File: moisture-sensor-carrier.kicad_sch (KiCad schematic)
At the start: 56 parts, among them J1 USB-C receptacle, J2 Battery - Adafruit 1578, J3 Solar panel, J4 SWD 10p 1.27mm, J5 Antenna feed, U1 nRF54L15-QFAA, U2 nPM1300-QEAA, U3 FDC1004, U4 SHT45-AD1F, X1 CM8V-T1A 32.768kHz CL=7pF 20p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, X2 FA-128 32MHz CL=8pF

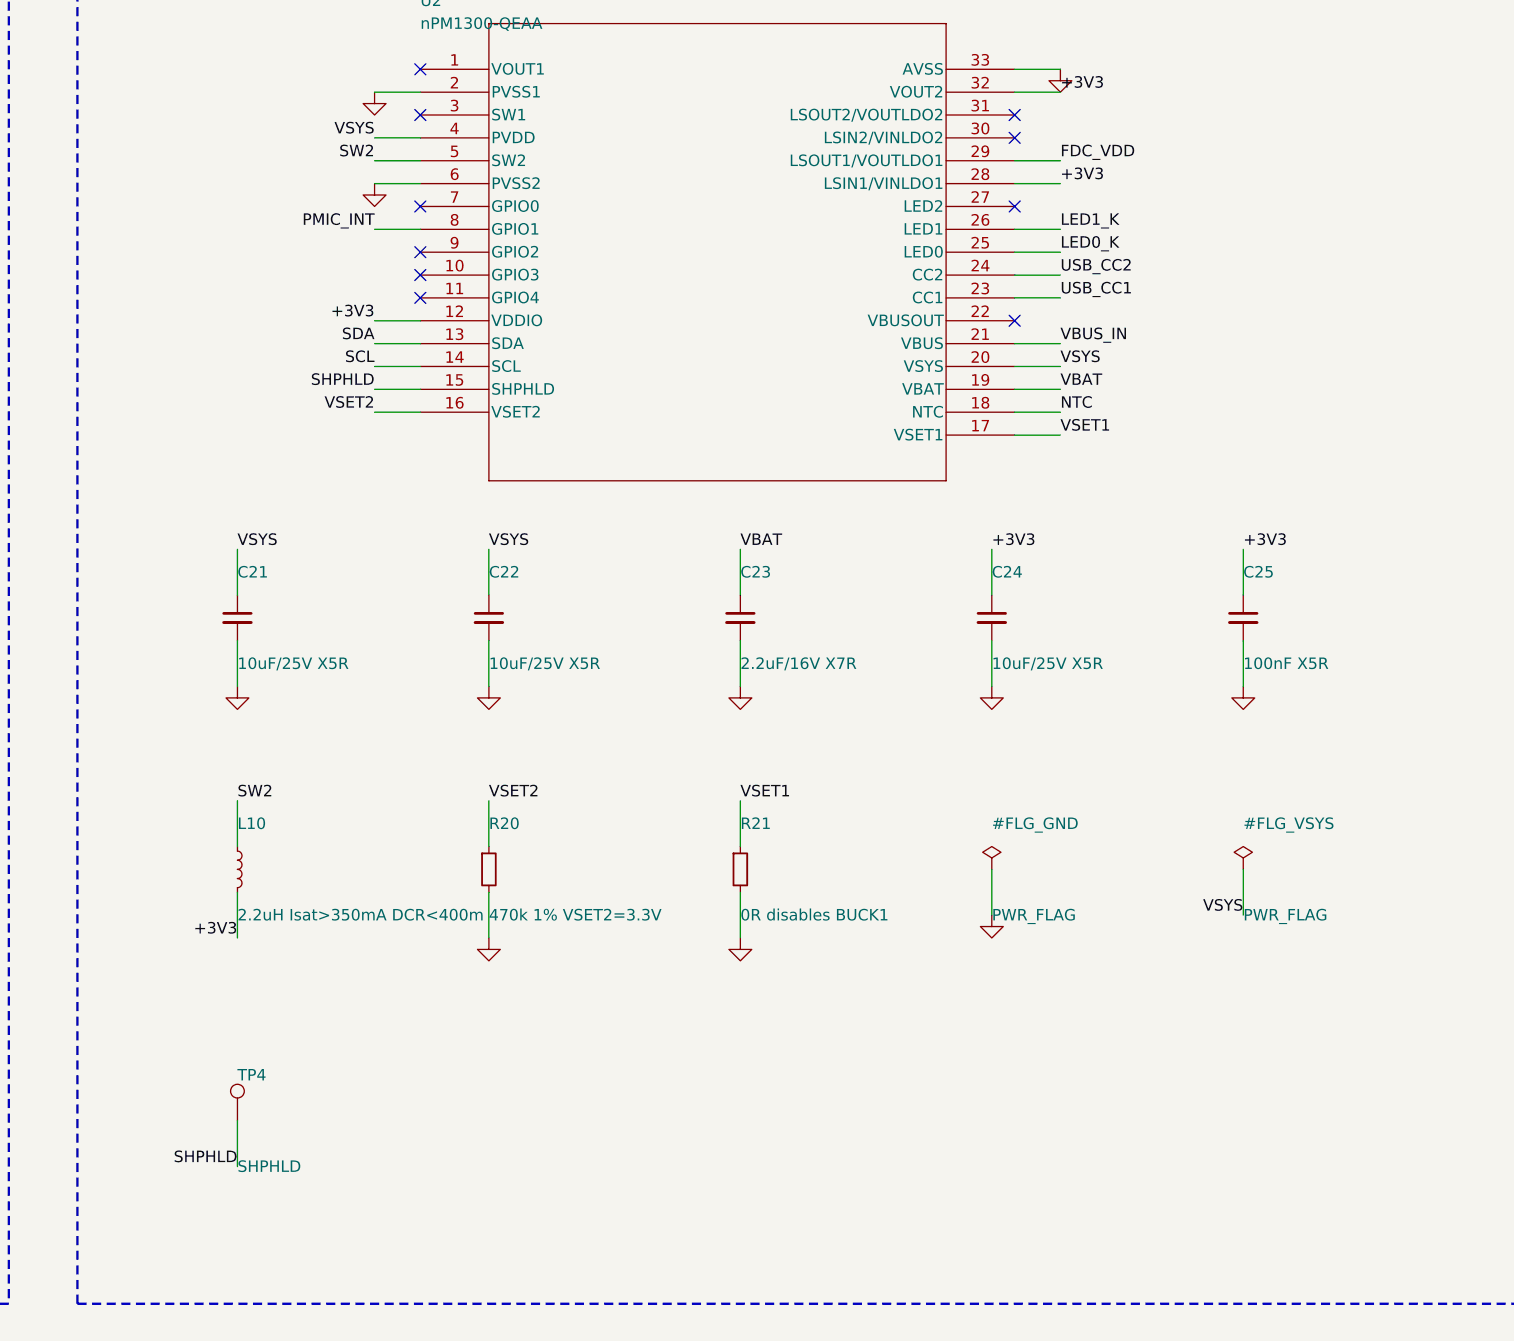
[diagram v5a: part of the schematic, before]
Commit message: PVSS2 net tie; fix DRU ordering that had disabled every width rule
Nordic's reference schematic (nPM1300 PS 9.3.2) annotates PVSS1 'Net tie'
and 'Via to GND-layer'. Pin 6 is BUCK2 power ground, not a general ground
pin. Split to /GND_PVSS2 carrying C24.2 and U2.6, rejoined by NT3 at the
via. C24 returns to it so the SW2 -> L10 -> C24 -> PVSS2 loop closes
locally rather than through the plane. PVSS1 stays on GND - BUCK1 is
disabled and carries nothing.

NT3 uses a new compact net tie: the stock 0.5 mm one does not fit the
0.69 mm gap between C24 and U2.

Separately, and more important: verifying the new width rule uncovered
that ORDERING had silently disabled every width rule in the file. 'Fab
minimum track' matches every track at 0.127 mm and sat at the bottom, so
under last-match-wins it was overriding 'Power track width', 'Charge path
width' and 'Switch node width'. A 0.3 mm track on a Power-class net
produced no violation at all. The fabrication floor now sits above the
specific rules and the PVSS2 rule below 'Power track width'. Re-verified
by injection: the correct rule now fires with the correct limit.

Co-Authored-By: Claude Opus 5 <noreply@anthropic.com>
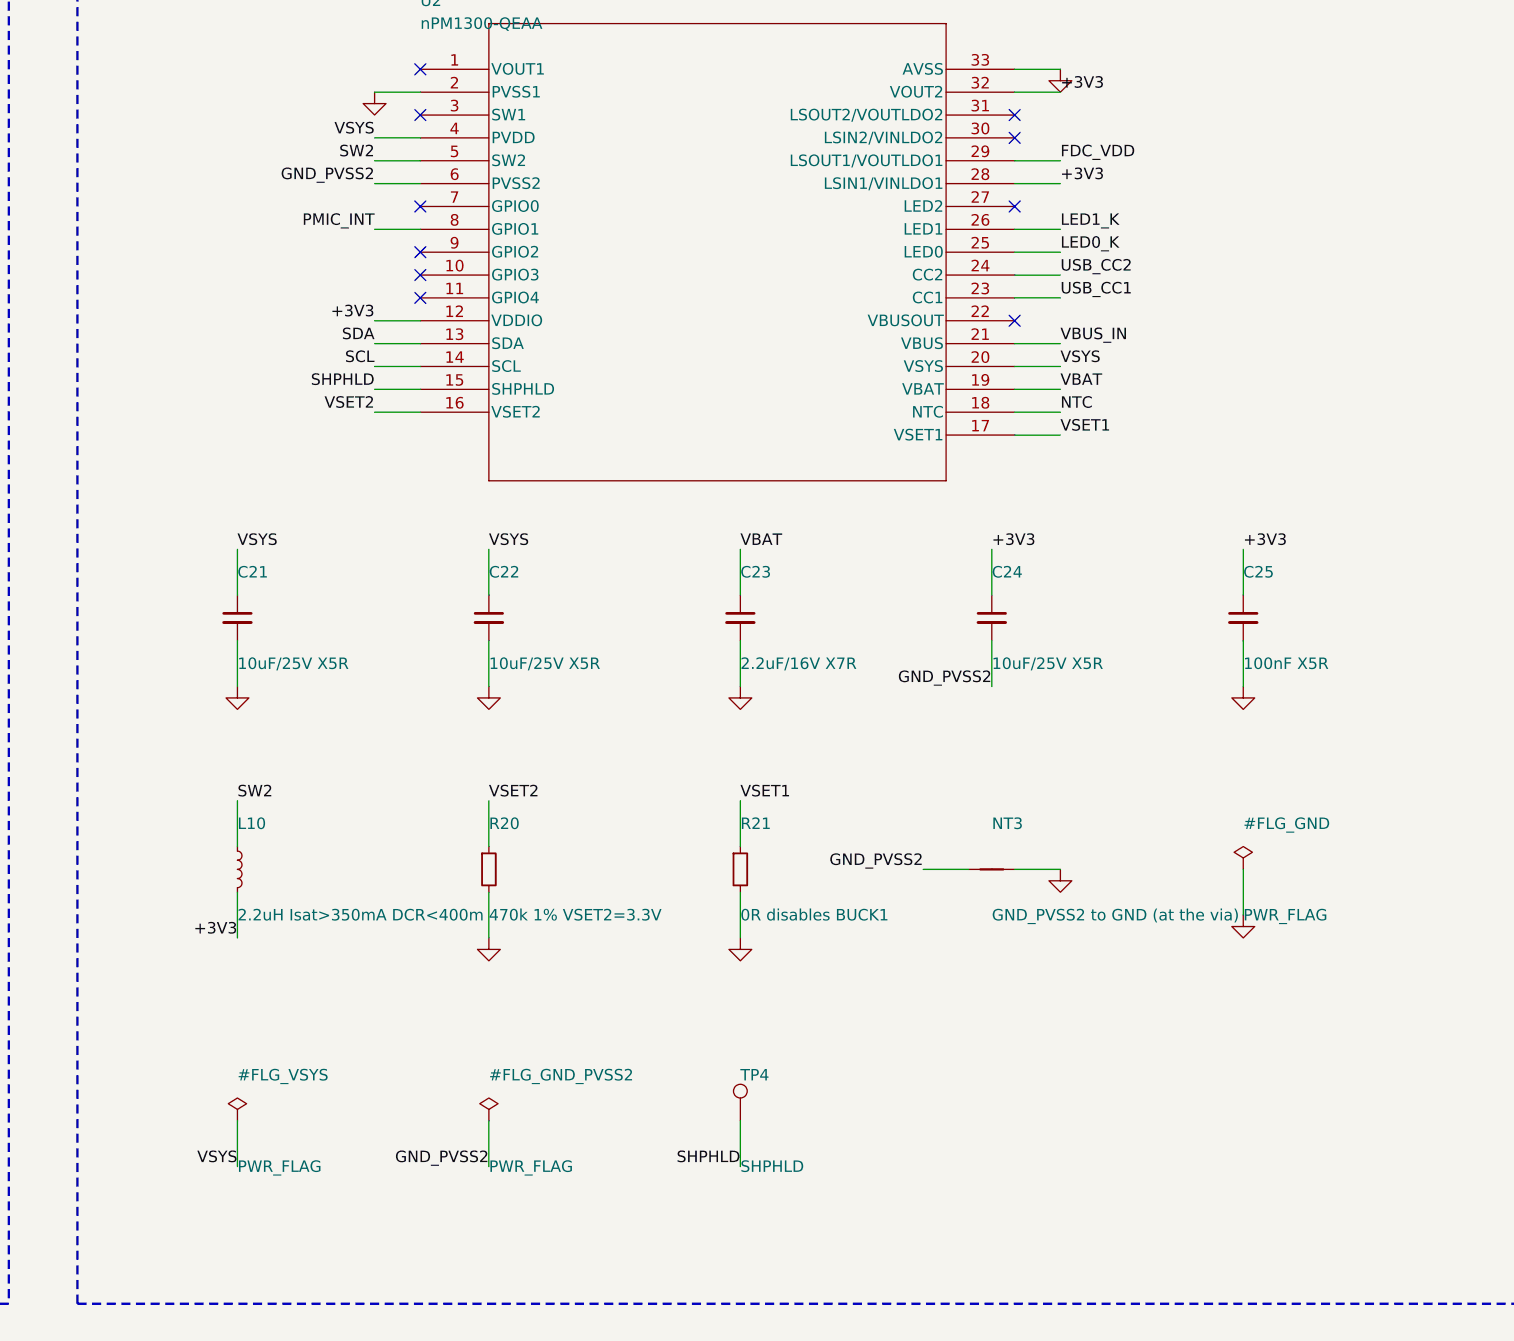
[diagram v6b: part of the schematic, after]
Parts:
- added NT3: GND_PVSS2 to GND (at the via), footprints:NetTie_Small, symbol Device:NetTie_2
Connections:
- net GND: now also NT3.2; no longer C24.2, U2.6 (PVSS2)
- new net GND_PVSS2: C24.2, NT3.1, U2.6 (PVSS2)

=== Exercise brief ===
Working from the lines above, reproduce the material exactly and exclude its pictures.

=== Output for this task ===
File: moisture-sensor-carrier.kicad_sch (KiCad schematic)
At the start: 56 parts, among them J1 USB-C receptacle, J2 Battery - Adafruit 1578, J3 Solar panel, J4 SWD 10p 1.27mm, J5 Antenna feed, U1 nRF54L15-QFAA, U2 nPM1300-QEAA, U3 FDC1004, U4 SHT45-AD1F, X1 CM8V-T1A 32.768kHz CL=7pF 20p, X2 FA-128 32MHz CL=8pF

[diagram v5a: part of the schematic, before]
Commit message: PVSS2 net tie; fix DRU ordering that had disabled every width rule
Nordic's reference schematic (nPM1300 PS 9.3.2) annotates PVSS1 'Net tie'
and 'Via to GND-layer'. Pin 6 is BUCK2 power ground, not a general ground
pin. Split to /GND_PVSS2 carrying C24.2 and U2.6, rejoined by NT3 at the
via. C24 returns to it so the SW2 -> L10 -> C24 -> PVSS2 loop closes
locally rather than through the plane. PVSS1 stays on GND - BUCK1 is
disabled and carries nothing.

NT3 uses a new compact net tie: the stock 0.5 mm one does not fit the
0.69 mm gap between C24 and U2.

Separately, and more important: verifying the new width rule uncovered
that ORDERING had silently disabled every width rule in the file. 'Fab
minimum track' matches every track at 0.127 mm and sat at the bottom, so
under last-match-wins it was overriding 'Power track width', 'Charge path
width' and 'Switch node width'. A 0.3 mm track on a Power-class net
produced no violation at all. The fabrication floor now sits above the
specific rules and the PVSS2 rule below 'Power track width'. Re-verified
by injection: the correct rule now fires with the correct limit.

Co-Authored-By: Claude Opus 5 <noreply@anthropic.com>
[diagram v6b: part of the schematic, after]
Parts:
- added NT3: GND_PVSS2 to GND (at the via), footprints:NetTie_Small, symbol Device:NetTie_2
Connections:
- net GND: now also NT3.2; no longer C24.2, U2.6 (PVSS2)
- new net GND_PVSS2: C24.2, NT3.1, U2.6 (PVSS2)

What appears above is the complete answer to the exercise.